Scan the data below for the string "units". Show every line where it turns up.
======
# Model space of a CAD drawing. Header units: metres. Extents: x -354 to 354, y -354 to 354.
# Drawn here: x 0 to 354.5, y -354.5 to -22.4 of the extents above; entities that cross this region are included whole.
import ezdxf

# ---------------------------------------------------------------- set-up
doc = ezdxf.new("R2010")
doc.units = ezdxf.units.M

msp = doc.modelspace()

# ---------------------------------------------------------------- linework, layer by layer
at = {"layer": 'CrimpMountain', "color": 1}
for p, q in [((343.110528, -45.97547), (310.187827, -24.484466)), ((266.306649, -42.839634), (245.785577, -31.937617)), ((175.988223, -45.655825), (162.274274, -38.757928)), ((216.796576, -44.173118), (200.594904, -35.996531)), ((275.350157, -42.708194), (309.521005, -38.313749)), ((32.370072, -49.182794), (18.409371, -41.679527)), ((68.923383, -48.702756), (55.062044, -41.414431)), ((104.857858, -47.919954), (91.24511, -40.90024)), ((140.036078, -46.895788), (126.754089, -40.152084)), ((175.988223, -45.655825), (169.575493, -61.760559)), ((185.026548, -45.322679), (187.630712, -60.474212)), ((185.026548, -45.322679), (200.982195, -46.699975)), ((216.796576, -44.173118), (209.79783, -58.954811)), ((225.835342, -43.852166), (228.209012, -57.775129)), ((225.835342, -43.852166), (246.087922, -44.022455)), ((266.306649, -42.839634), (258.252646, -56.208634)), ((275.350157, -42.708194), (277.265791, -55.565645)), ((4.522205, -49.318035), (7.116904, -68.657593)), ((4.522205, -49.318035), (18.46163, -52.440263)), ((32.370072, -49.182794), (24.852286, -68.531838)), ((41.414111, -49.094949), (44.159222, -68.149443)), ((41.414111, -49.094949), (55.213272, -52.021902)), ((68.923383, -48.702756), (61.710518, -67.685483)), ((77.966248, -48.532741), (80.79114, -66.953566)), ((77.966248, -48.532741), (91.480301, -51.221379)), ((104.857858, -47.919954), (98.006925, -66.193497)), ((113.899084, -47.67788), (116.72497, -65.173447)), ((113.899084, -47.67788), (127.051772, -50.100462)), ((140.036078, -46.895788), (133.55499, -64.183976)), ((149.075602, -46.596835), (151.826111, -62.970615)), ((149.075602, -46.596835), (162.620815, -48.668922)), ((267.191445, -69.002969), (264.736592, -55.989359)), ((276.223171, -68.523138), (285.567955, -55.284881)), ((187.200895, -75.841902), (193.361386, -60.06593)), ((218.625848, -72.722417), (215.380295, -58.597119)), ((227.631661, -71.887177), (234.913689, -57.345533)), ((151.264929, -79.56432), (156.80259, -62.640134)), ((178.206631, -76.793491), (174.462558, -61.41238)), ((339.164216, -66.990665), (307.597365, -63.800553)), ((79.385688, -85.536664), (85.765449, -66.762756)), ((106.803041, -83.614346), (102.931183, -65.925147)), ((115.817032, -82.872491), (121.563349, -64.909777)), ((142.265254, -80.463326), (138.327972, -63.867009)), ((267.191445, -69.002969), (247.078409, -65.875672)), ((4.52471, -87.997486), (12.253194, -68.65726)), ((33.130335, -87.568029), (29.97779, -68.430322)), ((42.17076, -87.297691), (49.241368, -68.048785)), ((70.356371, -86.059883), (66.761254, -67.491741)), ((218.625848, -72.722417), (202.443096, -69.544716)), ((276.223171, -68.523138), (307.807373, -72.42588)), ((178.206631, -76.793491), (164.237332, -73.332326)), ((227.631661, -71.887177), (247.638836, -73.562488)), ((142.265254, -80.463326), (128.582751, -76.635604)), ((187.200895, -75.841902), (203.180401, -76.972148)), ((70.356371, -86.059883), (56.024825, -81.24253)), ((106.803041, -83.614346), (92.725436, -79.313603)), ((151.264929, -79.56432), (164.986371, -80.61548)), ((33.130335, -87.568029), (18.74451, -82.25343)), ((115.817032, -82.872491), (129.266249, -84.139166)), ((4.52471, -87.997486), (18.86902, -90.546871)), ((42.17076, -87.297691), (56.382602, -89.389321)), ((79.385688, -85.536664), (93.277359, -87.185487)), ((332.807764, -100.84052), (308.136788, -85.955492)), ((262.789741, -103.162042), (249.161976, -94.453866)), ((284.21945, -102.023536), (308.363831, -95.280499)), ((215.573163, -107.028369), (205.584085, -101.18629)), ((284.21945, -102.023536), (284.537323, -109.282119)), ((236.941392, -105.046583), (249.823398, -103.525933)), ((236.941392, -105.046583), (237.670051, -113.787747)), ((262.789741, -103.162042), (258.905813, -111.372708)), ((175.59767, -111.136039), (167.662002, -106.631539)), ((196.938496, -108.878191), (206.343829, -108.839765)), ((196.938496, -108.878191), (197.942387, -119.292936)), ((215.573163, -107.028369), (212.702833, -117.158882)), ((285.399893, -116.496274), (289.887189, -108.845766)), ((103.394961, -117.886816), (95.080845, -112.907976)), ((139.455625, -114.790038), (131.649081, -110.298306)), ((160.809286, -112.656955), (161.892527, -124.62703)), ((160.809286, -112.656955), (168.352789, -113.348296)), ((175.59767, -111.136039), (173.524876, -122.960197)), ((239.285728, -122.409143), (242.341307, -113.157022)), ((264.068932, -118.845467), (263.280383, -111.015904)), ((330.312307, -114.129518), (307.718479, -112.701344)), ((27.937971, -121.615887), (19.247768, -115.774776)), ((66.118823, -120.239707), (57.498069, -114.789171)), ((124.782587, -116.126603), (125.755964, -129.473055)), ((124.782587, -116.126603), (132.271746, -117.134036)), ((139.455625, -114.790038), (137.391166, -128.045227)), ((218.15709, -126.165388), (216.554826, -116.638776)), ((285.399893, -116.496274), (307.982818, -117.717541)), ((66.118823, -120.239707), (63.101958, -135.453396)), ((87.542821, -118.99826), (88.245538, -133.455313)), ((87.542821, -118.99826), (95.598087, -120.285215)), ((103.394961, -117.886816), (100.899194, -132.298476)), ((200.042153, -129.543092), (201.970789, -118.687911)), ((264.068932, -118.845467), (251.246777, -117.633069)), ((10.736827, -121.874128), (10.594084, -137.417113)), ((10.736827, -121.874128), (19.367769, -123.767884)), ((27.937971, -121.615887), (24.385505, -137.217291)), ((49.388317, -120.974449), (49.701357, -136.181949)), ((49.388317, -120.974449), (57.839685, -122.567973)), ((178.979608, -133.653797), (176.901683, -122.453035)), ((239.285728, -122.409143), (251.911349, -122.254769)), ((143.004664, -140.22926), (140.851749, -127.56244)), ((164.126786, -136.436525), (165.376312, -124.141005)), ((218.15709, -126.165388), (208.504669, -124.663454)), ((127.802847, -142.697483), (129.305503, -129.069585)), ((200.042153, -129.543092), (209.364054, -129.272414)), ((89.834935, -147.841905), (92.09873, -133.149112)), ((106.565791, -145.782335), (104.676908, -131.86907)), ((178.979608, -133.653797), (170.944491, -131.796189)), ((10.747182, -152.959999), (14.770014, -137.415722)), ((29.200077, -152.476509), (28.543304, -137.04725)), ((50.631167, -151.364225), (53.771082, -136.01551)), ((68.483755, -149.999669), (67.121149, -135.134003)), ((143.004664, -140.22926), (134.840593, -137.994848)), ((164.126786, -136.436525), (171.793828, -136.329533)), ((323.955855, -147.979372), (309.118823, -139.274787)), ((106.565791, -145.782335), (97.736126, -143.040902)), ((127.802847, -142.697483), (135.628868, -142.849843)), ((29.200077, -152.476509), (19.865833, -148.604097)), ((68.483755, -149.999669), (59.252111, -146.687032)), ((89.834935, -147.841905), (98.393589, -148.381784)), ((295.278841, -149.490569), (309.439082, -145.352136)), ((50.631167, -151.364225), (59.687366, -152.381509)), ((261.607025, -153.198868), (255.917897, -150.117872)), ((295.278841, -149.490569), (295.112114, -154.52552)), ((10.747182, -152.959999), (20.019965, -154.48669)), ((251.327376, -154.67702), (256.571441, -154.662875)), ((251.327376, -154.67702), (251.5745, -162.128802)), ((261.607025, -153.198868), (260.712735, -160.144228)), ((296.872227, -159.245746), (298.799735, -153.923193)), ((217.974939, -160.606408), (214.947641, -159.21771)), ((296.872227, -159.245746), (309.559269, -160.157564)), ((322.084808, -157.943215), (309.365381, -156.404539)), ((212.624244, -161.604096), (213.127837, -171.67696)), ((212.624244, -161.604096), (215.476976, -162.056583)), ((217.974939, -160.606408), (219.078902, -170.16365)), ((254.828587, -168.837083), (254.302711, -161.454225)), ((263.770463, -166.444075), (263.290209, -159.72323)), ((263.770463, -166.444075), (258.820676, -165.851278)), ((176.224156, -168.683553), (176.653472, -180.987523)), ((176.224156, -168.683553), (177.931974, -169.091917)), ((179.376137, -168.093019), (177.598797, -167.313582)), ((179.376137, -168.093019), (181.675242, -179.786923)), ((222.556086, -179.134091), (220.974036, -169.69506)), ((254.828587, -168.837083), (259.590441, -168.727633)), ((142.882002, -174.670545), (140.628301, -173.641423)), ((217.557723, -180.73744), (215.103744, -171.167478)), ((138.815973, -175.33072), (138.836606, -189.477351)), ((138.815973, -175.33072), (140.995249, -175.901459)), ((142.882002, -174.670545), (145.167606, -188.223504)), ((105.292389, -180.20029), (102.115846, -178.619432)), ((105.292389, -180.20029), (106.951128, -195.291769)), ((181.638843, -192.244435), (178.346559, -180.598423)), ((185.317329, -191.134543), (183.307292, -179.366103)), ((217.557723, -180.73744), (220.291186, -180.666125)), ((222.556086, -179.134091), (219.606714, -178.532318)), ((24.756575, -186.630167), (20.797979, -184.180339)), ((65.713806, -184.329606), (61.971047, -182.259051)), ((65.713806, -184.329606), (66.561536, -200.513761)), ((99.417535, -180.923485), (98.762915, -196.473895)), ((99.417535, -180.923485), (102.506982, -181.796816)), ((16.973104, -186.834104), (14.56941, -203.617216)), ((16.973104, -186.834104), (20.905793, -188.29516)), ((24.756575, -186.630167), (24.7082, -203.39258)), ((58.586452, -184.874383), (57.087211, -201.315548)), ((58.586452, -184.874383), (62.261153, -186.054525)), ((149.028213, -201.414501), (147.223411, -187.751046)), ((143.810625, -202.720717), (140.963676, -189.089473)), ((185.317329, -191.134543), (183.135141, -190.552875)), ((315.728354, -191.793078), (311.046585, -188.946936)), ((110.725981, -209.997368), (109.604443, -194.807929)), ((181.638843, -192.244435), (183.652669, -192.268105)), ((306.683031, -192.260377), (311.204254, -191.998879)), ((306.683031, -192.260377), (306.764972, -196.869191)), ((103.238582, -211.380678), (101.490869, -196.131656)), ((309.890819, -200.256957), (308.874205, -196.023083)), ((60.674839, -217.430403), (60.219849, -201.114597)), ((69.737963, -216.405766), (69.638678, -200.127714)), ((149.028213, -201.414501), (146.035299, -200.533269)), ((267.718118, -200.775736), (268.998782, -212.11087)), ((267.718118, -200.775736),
======
◆ **Answer to this problem**:
# Model space of a CAD drawing. Header units: metres. Extents: x -354 to 354, y -354 to 354.
doc.units = ezdxf.units.M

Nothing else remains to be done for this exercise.